Print nothing except the lines of the listing below from the line with "#259=FACE_BOUND('',#258,.T.);" to the line with "#280=ADVANCED_FACE('F271',(#268,#279),#265,.F.);", each exactly as written, both ends included.

RECORDS PROVIDED
┄┄┄┄┄┄┄┄┄┄
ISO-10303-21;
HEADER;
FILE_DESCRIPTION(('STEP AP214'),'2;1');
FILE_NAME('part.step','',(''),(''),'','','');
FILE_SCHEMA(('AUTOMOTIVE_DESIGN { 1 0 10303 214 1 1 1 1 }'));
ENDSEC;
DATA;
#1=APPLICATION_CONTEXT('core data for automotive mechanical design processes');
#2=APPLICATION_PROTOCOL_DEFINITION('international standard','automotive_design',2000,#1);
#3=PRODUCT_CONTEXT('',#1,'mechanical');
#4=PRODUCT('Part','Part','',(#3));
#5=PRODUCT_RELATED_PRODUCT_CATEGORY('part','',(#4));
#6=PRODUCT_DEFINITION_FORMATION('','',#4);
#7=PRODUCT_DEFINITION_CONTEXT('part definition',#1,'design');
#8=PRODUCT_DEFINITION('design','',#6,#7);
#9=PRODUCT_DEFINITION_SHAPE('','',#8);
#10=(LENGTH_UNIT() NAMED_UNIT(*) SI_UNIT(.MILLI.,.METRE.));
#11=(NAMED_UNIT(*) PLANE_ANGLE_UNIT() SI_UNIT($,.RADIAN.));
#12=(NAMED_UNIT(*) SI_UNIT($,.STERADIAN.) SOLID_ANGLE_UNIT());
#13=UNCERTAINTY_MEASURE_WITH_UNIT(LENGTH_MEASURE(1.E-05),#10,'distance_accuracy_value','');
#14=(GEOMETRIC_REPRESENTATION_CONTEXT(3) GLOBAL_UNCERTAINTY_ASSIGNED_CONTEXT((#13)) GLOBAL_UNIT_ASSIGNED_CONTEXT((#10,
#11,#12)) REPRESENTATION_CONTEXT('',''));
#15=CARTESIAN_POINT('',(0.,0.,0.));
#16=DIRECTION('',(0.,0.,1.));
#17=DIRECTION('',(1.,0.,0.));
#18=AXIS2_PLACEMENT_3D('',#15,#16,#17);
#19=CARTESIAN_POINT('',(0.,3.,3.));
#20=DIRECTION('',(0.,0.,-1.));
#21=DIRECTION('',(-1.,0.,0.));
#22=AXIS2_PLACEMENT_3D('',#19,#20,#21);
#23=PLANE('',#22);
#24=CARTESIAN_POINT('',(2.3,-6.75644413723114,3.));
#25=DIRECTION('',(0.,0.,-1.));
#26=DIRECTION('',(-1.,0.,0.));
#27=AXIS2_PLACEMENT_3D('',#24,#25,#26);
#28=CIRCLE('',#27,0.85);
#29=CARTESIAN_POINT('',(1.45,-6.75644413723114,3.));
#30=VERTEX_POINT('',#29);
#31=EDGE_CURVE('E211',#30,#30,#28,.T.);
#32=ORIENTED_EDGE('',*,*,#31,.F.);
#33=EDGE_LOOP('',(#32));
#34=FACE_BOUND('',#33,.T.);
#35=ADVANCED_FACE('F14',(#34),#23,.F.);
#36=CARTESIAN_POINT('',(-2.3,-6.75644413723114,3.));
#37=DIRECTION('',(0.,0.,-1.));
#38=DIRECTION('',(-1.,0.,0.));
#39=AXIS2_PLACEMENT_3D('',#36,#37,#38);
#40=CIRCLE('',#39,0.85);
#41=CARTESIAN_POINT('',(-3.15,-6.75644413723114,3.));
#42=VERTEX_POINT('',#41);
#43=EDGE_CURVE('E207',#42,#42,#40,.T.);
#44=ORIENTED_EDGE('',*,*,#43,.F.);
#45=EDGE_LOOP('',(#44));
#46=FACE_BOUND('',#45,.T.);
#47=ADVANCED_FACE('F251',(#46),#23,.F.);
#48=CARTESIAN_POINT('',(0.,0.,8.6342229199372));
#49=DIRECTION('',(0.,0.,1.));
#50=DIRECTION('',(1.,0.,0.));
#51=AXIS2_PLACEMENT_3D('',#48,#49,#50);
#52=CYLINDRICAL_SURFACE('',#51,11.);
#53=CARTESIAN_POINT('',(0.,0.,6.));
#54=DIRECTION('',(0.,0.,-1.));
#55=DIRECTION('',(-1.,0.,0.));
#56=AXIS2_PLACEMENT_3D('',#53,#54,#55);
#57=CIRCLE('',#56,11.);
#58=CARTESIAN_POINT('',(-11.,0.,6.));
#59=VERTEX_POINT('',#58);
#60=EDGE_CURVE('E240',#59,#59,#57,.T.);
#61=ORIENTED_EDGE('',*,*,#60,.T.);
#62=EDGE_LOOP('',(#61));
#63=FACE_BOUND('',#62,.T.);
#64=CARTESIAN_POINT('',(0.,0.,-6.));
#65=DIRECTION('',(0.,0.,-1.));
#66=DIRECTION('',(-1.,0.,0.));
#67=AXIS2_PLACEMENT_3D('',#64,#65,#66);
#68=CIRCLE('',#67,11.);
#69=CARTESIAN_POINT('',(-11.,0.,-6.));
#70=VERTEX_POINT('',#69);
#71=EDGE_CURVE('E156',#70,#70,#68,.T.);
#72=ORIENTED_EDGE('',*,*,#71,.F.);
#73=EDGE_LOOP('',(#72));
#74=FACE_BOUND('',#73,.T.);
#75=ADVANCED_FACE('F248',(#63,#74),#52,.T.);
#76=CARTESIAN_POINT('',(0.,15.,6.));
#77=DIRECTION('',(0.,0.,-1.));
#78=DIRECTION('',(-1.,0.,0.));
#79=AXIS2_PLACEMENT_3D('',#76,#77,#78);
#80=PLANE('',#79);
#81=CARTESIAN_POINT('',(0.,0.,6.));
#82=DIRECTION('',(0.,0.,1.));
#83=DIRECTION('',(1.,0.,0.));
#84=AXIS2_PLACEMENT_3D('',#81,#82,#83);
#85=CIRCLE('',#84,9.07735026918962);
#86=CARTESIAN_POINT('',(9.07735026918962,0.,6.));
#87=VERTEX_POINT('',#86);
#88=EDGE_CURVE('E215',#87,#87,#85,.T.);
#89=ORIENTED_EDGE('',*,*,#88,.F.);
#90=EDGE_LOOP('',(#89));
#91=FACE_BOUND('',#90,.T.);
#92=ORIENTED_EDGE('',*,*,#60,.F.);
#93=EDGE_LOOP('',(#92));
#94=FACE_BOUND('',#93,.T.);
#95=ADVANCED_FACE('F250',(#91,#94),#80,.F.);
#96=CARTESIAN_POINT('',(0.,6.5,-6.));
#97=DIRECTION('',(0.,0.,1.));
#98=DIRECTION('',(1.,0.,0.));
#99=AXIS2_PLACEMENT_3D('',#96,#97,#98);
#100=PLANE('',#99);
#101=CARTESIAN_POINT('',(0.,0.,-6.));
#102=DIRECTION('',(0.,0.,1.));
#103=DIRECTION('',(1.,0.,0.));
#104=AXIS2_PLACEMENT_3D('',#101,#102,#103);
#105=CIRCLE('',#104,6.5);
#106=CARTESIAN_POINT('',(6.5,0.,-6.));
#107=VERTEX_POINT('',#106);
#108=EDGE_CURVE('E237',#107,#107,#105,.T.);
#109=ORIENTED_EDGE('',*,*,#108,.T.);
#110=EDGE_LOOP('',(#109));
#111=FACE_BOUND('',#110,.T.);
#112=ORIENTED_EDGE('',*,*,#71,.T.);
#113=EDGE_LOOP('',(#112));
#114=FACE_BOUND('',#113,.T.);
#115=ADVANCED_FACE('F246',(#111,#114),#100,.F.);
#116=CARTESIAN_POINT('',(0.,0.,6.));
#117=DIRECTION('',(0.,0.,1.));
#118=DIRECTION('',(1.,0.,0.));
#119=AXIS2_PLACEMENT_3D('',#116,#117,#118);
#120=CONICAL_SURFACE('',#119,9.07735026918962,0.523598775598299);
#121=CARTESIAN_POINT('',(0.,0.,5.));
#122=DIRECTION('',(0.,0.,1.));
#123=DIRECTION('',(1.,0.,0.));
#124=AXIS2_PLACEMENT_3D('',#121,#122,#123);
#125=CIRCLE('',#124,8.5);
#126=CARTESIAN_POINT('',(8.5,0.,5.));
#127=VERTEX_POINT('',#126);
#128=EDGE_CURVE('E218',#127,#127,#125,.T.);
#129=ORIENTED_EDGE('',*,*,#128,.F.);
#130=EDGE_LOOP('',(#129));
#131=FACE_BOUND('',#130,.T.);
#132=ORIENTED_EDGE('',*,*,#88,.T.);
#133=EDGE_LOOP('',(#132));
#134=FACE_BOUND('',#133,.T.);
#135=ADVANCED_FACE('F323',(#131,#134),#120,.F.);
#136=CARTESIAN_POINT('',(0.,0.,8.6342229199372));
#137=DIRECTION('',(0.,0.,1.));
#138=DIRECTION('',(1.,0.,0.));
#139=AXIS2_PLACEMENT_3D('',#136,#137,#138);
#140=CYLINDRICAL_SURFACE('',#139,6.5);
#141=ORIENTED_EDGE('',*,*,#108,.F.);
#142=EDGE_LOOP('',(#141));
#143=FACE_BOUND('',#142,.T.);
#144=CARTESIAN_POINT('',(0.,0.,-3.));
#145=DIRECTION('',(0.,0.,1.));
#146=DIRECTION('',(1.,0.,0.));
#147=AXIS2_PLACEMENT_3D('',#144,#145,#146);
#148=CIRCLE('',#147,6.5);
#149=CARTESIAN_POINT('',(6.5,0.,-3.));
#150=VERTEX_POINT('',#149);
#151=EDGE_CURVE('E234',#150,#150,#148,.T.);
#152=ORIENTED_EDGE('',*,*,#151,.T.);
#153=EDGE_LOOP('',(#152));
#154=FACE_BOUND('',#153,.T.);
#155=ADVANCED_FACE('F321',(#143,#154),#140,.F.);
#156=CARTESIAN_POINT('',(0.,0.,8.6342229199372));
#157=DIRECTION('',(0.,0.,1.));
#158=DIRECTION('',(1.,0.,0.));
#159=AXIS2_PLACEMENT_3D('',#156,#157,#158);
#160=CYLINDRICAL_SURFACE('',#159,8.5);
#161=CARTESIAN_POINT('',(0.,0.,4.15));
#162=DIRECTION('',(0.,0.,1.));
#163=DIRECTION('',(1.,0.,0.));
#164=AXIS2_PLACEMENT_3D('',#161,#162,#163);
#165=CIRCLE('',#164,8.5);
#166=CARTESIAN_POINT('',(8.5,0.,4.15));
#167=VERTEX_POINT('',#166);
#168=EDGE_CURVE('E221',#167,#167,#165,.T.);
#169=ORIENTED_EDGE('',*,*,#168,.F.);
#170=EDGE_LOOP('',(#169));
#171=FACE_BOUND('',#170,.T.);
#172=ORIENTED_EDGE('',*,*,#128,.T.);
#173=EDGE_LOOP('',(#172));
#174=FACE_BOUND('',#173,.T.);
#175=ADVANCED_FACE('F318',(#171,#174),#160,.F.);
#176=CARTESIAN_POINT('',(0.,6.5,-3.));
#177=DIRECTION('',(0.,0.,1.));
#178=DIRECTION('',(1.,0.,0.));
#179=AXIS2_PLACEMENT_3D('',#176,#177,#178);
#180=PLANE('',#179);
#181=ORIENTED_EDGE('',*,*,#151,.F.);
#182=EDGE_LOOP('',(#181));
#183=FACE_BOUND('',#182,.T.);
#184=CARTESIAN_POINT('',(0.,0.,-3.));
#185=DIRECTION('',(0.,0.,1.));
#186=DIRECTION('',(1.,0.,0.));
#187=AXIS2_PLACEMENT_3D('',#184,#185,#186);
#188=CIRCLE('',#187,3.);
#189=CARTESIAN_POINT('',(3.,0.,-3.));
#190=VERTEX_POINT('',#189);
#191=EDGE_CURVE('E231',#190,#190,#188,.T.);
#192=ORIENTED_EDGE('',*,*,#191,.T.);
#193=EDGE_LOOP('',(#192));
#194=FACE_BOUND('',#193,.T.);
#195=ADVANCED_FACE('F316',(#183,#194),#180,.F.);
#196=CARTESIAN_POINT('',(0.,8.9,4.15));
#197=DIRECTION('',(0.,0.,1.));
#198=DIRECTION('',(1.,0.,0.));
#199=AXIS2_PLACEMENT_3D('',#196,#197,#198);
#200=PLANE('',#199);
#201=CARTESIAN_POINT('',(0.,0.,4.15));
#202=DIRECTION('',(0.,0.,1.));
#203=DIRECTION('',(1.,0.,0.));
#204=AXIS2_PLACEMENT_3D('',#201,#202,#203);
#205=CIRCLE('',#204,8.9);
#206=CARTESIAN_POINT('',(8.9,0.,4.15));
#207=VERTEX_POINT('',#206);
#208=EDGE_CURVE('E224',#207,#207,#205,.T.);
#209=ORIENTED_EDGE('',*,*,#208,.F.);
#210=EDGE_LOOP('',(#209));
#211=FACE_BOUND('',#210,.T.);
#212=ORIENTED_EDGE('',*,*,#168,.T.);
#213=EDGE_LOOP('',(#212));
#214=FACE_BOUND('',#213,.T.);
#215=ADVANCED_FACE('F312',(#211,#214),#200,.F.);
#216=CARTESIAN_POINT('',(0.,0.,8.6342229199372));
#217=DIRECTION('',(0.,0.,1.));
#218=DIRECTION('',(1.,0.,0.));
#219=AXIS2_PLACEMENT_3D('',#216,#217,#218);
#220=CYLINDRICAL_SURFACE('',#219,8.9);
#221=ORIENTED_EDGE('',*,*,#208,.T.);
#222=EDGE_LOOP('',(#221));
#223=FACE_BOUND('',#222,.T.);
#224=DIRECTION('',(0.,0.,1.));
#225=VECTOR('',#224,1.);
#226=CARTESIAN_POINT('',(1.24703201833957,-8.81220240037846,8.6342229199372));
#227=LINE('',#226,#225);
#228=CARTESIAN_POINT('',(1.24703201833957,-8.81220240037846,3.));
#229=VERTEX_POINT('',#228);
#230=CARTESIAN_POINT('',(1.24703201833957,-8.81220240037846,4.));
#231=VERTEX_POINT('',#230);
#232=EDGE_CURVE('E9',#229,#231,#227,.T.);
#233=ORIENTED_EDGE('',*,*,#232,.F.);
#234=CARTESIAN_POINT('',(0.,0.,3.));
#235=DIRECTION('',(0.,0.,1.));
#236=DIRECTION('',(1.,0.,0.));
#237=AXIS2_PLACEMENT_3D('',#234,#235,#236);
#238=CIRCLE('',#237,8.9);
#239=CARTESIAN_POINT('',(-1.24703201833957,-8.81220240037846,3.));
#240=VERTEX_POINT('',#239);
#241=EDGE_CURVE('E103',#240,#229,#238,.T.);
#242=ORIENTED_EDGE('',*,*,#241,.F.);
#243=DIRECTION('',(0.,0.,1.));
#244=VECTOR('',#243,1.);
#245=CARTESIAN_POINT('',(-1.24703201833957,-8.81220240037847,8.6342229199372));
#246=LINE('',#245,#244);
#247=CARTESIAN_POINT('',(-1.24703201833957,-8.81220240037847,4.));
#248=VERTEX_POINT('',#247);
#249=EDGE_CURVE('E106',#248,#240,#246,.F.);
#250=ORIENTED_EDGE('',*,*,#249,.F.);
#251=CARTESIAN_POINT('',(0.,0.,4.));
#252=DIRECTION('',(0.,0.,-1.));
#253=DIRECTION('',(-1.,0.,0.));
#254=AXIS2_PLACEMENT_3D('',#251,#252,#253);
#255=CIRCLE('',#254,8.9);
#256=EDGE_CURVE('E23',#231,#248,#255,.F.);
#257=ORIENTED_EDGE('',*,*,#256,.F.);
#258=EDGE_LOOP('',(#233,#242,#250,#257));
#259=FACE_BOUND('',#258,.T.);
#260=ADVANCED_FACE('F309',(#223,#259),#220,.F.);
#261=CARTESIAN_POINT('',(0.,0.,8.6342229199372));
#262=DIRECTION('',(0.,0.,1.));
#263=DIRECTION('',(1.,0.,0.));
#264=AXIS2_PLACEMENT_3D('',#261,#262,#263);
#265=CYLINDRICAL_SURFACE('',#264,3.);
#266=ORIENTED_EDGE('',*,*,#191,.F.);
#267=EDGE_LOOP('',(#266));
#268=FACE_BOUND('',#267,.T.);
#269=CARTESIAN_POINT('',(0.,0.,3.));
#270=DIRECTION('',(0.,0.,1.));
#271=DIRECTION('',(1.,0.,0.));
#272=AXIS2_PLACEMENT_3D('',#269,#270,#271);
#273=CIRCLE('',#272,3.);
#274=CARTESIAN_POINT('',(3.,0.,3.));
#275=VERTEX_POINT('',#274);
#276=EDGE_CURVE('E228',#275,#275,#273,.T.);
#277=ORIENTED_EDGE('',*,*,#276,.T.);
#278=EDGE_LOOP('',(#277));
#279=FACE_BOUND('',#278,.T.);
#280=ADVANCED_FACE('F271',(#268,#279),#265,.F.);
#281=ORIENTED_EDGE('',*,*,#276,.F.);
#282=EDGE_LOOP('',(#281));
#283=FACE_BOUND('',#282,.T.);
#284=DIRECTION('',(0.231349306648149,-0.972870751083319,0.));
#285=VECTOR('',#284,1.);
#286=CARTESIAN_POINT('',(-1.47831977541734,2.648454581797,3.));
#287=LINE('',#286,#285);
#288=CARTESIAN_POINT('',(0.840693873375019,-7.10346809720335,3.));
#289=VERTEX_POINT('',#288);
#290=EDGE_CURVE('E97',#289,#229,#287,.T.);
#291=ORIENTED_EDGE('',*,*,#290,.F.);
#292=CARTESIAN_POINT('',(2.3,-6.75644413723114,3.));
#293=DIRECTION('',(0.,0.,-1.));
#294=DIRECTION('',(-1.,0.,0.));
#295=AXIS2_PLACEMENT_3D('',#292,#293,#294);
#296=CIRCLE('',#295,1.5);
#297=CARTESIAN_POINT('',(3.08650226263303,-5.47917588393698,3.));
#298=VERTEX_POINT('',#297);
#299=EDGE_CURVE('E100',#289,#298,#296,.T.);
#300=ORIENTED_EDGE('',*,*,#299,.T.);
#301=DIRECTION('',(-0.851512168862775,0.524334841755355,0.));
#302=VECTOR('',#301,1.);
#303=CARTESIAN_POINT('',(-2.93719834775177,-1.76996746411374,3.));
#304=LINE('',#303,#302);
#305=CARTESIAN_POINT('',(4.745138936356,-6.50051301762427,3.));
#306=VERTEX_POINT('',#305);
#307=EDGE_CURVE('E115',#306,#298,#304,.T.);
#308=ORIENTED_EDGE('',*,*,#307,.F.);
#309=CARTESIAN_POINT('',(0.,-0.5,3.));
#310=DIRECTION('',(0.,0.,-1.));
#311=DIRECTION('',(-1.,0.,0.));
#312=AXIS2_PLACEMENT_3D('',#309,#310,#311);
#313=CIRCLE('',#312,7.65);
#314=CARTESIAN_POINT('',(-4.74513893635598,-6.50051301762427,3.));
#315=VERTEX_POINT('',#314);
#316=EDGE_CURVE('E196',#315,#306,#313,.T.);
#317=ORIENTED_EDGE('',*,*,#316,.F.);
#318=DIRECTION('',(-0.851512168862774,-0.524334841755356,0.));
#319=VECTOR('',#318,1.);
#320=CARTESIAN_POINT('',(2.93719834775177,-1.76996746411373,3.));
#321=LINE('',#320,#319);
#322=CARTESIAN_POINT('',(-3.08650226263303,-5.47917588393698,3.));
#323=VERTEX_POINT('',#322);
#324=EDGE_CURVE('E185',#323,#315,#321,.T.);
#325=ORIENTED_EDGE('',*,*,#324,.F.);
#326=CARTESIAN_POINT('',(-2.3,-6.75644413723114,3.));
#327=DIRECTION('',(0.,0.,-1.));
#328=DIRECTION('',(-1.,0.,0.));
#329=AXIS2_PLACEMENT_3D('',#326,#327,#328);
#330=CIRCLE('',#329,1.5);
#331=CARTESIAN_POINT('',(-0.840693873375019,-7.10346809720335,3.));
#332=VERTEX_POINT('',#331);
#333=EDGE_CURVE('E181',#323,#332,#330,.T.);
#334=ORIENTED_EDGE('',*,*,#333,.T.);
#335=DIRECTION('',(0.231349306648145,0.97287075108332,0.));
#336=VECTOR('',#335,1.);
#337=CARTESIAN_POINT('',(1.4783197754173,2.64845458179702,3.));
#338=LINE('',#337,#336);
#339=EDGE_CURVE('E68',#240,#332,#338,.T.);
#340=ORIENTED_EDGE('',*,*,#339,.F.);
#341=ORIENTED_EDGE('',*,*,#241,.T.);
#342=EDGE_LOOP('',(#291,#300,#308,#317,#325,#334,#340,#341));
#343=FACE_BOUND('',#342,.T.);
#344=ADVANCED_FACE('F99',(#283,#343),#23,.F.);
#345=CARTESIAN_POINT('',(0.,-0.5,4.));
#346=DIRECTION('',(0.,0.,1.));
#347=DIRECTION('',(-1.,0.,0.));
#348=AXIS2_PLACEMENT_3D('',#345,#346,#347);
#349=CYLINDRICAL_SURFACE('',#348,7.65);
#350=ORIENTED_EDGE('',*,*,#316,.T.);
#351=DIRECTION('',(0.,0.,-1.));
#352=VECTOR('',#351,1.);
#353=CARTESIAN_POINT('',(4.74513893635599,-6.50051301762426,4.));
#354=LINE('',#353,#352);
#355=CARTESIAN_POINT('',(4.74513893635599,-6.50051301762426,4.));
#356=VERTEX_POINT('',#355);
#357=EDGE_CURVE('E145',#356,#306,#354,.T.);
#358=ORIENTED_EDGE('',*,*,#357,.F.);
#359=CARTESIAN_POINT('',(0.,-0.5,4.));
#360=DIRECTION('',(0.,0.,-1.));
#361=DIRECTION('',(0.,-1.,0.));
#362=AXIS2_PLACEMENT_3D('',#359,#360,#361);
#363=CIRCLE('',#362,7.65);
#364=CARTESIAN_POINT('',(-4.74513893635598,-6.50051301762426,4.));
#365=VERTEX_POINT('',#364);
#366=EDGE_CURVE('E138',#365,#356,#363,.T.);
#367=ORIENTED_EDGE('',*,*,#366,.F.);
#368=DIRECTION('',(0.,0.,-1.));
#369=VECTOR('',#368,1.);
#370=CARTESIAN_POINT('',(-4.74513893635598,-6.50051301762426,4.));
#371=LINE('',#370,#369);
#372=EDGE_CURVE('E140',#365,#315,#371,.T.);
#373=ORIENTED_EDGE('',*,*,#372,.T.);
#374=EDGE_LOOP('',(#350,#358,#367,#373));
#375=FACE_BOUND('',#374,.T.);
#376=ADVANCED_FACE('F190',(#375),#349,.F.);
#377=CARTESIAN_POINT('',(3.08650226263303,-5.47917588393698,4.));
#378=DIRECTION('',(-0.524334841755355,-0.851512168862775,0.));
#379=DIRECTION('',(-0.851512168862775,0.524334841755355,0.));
┄┄┄┄┄┄┄┄┄┄
TASK OUTPUT
#259=FACE_BOUND('',#258,.T.);
#260=ADVANCED_FACE('F309',(#223,#259),#220,.F.);
#261=CARTESIAN_POINT('',(0.,0.,8.6342229199372));
#262=DIRECTION('',(0.,0.,1.));
#263=DIRECTION('',(1.,0.,0.));
#264=AXIS2_PLACEMENT_3D('',#261,#262,#263);
#265=CYLINDRICAL_SURFACE('',#264,3.);
#266=ORIENTED_EDGE('',*,*,#191,.F.);
#267=EDGE_LOOP('',(#266));
#268=FACE_BOUND('',#267,.T.);
#269=CARTESIAN_POINT('',(0.,0.,3.));
#270=DIRECTION('',(0.,0.,1.));
#271=DIRECTION('',(1.,0.,0.));
#272=AXIS2_PLACEMENT_3D('',#269,#270,#271);
#273=CIRCLE('',#272,3.);
#274=CARTESIAN_POINT('',(3.,0.,3.));
#275=VERTEX_POINT('',#274);
#276=EDGE_CURVE('E228',#275,#275,#273,.T.);
#277=ORIENTED_EDGE('',*,*,#276,.T.);
#278=EDGE_LOOP('',(#277));
#279=FACE_BOUND('',#278,.T.);
#280=ADVANCED_FACE('F271',(#268,#279),#265,.F.);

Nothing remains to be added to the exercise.